Extracted information START

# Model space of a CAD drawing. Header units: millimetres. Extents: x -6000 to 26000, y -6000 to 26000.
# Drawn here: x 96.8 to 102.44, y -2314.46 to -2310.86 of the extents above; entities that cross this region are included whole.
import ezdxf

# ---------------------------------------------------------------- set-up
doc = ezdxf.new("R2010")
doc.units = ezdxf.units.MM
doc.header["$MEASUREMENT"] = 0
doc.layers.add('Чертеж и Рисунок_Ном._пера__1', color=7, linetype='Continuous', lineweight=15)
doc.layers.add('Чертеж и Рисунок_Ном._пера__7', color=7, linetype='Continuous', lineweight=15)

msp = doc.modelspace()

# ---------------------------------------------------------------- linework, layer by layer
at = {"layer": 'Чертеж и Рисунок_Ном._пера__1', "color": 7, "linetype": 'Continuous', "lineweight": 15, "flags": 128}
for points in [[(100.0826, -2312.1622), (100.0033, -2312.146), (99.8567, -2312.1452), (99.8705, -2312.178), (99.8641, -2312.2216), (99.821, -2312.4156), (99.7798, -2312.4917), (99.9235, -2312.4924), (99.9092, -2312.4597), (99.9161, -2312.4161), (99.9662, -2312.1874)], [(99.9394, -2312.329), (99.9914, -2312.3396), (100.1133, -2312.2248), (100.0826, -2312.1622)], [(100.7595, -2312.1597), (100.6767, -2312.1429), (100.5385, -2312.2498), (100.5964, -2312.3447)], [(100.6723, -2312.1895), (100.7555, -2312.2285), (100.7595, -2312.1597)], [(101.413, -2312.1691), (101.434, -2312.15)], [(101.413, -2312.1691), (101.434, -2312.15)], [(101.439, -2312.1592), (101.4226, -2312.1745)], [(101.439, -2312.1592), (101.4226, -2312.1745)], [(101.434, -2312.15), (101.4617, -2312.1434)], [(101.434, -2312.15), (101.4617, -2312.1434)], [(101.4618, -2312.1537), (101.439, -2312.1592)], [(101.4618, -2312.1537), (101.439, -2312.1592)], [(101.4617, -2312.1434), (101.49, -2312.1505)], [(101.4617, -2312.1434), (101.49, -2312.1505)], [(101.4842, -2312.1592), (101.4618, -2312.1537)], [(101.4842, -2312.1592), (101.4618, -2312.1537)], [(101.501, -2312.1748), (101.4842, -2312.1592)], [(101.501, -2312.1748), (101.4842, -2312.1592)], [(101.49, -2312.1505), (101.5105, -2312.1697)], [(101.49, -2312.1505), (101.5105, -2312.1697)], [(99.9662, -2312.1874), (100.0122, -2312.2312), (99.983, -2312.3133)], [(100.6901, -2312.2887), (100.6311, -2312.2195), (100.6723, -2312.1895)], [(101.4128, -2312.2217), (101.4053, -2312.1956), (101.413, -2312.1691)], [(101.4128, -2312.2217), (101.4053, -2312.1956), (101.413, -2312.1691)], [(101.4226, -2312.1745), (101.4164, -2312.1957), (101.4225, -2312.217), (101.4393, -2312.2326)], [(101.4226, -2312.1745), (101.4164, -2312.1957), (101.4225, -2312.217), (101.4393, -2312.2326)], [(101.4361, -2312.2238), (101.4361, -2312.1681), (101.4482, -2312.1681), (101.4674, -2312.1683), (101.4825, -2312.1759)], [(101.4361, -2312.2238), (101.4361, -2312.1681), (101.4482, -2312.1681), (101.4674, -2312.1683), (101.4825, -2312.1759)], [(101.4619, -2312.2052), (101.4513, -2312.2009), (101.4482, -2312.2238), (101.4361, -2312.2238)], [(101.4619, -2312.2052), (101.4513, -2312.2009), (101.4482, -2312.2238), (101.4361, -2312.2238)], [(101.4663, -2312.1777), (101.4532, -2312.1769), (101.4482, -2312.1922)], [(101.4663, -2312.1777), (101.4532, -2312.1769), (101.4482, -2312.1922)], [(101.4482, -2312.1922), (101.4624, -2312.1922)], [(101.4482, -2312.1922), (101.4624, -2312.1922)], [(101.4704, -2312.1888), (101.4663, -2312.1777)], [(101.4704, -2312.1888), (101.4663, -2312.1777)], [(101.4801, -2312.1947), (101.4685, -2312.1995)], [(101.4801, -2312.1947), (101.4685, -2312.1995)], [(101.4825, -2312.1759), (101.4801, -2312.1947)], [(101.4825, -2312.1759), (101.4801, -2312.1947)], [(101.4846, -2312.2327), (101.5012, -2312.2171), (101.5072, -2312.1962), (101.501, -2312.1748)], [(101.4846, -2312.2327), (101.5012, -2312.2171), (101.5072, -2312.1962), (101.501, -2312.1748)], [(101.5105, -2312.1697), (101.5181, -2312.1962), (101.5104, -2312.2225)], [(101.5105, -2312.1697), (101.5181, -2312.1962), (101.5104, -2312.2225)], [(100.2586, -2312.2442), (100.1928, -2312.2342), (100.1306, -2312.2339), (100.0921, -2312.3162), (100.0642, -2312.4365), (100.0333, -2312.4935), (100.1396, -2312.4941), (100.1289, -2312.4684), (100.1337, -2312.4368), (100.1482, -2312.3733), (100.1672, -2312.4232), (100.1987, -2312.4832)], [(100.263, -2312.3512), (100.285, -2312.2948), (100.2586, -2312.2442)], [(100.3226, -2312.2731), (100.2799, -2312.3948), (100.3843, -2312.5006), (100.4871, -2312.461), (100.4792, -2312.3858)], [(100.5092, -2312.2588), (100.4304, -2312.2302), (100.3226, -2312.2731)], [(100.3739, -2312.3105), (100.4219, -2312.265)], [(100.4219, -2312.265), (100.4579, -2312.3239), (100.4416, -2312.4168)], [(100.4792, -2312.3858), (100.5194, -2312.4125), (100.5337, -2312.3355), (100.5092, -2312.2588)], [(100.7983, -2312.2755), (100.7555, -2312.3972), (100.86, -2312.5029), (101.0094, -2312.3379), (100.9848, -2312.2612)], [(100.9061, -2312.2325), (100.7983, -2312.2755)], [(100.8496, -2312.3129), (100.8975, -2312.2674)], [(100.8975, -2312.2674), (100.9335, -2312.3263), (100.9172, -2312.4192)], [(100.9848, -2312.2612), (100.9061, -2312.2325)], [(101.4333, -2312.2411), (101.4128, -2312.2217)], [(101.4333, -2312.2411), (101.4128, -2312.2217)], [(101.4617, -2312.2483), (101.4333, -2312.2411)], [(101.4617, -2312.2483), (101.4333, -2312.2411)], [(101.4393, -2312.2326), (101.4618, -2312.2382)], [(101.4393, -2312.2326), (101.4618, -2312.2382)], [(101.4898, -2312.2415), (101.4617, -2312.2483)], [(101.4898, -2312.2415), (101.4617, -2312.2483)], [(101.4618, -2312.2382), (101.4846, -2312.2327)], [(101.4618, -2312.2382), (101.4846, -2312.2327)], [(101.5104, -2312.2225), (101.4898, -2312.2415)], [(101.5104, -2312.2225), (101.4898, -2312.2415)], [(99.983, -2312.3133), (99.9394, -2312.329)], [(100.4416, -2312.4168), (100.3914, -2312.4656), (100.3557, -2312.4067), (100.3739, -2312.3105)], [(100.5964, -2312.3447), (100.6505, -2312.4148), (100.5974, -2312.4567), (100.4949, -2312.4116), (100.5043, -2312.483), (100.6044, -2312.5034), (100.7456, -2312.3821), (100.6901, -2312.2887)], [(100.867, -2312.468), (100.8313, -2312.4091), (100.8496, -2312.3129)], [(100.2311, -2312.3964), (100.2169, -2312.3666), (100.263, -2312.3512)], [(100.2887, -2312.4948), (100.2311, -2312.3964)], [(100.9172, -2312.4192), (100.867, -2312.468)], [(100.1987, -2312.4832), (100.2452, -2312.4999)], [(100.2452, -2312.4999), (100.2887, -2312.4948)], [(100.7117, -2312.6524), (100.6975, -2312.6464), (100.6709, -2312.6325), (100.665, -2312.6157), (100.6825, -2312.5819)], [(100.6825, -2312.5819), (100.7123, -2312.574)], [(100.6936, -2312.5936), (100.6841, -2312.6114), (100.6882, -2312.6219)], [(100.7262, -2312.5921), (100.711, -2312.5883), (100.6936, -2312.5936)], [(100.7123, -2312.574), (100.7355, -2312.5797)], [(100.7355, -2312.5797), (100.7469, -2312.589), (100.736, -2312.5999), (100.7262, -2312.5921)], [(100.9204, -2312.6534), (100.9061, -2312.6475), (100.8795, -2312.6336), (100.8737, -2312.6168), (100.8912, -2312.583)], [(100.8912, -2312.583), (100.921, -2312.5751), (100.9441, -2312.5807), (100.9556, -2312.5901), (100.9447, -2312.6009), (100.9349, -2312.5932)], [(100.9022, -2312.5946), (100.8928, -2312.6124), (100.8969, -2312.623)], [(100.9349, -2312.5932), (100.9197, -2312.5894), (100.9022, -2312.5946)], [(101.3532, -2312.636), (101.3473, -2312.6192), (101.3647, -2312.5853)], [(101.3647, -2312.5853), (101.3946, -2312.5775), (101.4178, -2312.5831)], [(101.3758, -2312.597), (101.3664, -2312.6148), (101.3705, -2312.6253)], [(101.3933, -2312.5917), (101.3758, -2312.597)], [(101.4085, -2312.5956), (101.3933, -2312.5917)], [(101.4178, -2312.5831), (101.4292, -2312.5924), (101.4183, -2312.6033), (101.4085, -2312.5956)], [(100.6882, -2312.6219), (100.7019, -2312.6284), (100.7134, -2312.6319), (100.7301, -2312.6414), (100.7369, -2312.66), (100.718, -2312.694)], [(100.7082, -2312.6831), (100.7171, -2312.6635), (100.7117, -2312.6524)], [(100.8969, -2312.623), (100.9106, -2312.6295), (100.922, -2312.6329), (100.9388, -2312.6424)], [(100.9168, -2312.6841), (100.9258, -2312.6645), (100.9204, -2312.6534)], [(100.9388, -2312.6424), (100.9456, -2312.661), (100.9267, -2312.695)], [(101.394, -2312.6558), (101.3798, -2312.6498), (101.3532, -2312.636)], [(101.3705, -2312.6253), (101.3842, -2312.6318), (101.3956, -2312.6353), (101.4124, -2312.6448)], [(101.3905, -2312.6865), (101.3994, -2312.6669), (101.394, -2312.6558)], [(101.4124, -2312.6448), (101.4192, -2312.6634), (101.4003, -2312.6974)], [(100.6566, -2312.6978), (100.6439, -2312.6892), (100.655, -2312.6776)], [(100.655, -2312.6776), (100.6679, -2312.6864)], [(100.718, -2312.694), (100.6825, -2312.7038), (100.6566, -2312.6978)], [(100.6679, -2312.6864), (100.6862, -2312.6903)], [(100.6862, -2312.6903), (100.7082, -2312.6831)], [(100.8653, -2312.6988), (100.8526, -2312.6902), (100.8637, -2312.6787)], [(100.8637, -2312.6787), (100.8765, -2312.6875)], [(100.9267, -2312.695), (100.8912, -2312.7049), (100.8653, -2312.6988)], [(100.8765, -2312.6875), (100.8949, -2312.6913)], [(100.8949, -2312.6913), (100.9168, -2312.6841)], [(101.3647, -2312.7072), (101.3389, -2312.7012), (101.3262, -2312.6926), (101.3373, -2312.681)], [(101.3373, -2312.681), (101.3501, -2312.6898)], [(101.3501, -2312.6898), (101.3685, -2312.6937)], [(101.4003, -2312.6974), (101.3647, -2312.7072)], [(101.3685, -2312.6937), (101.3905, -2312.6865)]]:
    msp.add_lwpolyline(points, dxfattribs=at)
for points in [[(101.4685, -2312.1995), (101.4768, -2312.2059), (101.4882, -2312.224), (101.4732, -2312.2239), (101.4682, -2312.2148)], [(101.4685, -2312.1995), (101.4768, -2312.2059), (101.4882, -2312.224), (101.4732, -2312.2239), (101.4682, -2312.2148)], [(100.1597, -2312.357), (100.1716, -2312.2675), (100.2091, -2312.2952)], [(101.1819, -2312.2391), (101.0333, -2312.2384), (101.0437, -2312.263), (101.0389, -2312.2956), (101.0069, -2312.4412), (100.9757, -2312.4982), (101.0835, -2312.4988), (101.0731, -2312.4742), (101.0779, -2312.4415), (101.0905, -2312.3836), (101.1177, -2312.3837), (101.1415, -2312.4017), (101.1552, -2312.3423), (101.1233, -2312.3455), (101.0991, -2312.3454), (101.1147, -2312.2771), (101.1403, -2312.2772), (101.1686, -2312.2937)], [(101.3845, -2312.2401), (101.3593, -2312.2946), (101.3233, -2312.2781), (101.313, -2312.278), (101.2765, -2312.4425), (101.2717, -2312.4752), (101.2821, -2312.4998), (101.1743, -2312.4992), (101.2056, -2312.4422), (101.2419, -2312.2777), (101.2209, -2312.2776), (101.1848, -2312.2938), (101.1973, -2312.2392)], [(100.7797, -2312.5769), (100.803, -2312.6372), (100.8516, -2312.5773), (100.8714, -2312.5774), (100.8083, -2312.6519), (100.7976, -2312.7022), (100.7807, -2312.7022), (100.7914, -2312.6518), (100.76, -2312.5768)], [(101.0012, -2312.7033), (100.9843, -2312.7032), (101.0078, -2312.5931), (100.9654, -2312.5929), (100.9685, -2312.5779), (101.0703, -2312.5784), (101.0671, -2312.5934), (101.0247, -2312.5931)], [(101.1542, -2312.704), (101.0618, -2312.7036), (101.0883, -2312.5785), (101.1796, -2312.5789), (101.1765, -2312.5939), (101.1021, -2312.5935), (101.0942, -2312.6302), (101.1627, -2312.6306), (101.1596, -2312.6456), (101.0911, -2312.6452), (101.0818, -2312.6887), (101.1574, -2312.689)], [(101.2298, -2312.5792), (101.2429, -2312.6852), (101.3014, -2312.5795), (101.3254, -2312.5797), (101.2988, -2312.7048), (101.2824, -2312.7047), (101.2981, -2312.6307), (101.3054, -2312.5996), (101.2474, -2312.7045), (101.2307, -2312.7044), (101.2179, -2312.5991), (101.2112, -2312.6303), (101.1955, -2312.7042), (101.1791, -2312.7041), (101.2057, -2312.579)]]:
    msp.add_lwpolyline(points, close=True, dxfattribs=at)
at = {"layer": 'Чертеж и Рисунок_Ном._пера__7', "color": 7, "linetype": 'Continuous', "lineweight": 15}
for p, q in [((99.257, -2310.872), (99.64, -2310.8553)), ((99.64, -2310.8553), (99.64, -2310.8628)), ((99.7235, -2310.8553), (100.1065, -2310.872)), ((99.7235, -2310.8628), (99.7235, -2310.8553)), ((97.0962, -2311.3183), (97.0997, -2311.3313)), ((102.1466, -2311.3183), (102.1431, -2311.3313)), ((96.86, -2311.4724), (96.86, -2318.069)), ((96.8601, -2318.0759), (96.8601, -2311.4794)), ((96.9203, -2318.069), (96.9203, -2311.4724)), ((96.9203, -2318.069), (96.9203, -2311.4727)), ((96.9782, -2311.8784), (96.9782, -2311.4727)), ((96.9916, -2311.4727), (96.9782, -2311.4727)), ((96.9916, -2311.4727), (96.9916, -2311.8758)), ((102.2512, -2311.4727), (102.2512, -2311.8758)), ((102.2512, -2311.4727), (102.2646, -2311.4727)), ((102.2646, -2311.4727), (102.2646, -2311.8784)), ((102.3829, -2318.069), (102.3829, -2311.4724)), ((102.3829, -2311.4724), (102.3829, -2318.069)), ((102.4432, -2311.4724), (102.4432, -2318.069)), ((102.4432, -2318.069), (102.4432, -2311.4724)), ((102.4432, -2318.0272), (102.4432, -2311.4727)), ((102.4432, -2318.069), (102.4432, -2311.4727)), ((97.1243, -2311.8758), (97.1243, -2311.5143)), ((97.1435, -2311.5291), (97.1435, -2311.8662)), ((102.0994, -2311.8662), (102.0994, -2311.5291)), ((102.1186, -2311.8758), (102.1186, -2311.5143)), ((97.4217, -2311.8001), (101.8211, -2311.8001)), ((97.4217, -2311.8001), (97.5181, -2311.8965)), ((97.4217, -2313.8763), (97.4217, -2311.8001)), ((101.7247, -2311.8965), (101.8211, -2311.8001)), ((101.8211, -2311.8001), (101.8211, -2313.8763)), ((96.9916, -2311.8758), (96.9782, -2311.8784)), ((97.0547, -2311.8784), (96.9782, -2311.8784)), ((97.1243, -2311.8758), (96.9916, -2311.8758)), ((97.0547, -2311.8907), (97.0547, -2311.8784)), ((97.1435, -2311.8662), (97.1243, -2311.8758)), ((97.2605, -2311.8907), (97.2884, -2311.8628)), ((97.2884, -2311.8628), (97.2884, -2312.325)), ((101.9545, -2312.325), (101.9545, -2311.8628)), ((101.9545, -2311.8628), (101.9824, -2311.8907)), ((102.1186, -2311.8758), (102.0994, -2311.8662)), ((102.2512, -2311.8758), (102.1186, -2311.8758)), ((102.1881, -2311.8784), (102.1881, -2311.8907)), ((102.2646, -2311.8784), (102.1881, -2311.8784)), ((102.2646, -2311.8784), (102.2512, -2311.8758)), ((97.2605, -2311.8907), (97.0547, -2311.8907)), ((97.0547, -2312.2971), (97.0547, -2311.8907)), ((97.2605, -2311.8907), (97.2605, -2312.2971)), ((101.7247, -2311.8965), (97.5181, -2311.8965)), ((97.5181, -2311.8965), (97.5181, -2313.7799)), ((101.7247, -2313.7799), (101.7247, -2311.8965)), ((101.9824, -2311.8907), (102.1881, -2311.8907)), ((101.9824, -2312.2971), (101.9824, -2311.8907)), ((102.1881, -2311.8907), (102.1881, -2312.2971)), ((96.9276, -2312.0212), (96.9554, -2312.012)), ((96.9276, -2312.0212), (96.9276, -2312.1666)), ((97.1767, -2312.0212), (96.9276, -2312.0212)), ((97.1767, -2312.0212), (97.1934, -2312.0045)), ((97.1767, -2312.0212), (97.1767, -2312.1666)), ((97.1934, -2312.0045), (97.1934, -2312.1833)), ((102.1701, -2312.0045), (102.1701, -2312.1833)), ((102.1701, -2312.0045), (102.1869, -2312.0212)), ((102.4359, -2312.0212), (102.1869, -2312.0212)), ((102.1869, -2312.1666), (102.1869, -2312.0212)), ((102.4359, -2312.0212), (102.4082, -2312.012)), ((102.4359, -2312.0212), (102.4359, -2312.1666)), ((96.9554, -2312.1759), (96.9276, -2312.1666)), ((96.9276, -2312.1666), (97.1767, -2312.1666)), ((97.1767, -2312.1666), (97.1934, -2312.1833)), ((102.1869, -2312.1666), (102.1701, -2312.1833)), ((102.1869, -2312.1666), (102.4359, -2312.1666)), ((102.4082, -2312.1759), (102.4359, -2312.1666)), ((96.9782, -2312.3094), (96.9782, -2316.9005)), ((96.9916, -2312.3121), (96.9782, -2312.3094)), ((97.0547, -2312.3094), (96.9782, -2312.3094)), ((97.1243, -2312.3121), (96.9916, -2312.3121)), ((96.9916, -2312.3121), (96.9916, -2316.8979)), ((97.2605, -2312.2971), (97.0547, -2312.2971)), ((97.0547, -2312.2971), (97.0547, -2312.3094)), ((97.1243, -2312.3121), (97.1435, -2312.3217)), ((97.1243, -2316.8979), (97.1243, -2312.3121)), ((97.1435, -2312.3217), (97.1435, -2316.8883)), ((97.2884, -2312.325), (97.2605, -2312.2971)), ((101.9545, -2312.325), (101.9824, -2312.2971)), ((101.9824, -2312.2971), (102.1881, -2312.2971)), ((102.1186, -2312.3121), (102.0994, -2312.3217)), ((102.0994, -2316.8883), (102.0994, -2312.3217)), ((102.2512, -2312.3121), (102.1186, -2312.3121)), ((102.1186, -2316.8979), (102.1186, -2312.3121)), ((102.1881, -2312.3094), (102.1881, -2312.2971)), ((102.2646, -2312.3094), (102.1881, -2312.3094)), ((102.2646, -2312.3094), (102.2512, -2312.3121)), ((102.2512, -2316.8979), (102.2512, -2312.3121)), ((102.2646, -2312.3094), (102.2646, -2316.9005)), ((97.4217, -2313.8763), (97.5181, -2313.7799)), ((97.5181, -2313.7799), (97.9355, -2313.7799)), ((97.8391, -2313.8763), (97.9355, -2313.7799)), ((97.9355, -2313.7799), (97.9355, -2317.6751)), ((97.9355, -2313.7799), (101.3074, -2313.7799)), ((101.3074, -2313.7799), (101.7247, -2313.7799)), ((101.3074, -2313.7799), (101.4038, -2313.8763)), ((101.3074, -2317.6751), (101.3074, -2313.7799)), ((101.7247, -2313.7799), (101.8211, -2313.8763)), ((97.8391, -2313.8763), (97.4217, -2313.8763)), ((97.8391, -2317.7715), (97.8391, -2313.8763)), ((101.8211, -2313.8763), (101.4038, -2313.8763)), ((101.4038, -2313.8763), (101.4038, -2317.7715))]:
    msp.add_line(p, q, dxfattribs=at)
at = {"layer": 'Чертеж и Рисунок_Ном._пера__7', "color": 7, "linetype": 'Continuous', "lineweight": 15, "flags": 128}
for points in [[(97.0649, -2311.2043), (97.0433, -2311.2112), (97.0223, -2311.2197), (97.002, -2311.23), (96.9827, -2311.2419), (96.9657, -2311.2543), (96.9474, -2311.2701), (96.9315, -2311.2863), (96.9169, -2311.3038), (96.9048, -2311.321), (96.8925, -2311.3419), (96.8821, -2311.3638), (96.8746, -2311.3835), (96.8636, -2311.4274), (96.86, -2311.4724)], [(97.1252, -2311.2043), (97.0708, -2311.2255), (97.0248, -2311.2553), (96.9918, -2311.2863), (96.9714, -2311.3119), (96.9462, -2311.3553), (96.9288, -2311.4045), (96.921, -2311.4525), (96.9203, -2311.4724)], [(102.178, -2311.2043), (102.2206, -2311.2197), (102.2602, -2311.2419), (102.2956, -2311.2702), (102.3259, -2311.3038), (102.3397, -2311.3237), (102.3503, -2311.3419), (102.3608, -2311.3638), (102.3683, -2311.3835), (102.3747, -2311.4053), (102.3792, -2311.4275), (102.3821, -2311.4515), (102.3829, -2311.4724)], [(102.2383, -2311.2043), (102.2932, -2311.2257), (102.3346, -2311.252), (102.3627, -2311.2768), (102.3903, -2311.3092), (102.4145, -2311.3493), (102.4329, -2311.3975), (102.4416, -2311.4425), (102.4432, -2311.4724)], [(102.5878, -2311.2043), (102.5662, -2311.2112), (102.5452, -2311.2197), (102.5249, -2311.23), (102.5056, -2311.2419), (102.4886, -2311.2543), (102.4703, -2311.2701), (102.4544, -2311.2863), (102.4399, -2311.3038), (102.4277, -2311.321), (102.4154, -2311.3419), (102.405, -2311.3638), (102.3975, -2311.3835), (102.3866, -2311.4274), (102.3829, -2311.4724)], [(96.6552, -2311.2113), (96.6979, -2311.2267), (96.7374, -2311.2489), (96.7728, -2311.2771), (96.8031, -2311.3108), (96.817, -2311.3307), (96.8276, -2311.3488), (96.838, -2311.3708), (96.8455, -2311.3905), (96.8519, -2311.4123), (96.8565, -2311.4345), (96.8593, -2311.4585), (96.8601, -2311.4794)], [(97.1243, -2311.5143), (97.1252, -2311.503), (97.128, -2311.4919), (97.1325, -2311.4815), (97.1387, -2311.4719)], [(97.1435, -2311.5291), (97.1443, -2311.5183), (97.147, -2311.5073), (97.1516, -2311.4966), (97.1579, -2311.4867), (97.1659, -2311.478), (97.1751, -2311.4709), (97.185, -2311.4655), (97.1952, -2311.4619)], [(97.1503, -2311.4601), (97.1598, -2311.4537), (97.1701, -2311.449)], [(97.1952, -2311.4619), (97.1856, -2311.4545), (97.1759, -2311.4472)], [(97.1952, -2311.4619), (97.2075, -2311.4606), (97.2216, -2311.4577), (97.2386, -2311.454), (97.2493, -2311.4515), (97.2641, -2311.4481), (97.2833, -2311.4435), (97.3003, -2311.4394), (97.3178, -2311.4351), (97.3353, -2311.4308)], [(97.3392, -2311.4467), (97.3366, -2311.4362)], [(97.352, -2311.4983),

Extracted information END

Aim of the exercise
Whenever "ezdxf" occurs in a line above, copy that line.

Output for this exercise
import ezdxf
doc = ezdxf.new("R2010")
doc.units = ezdxf.units.MM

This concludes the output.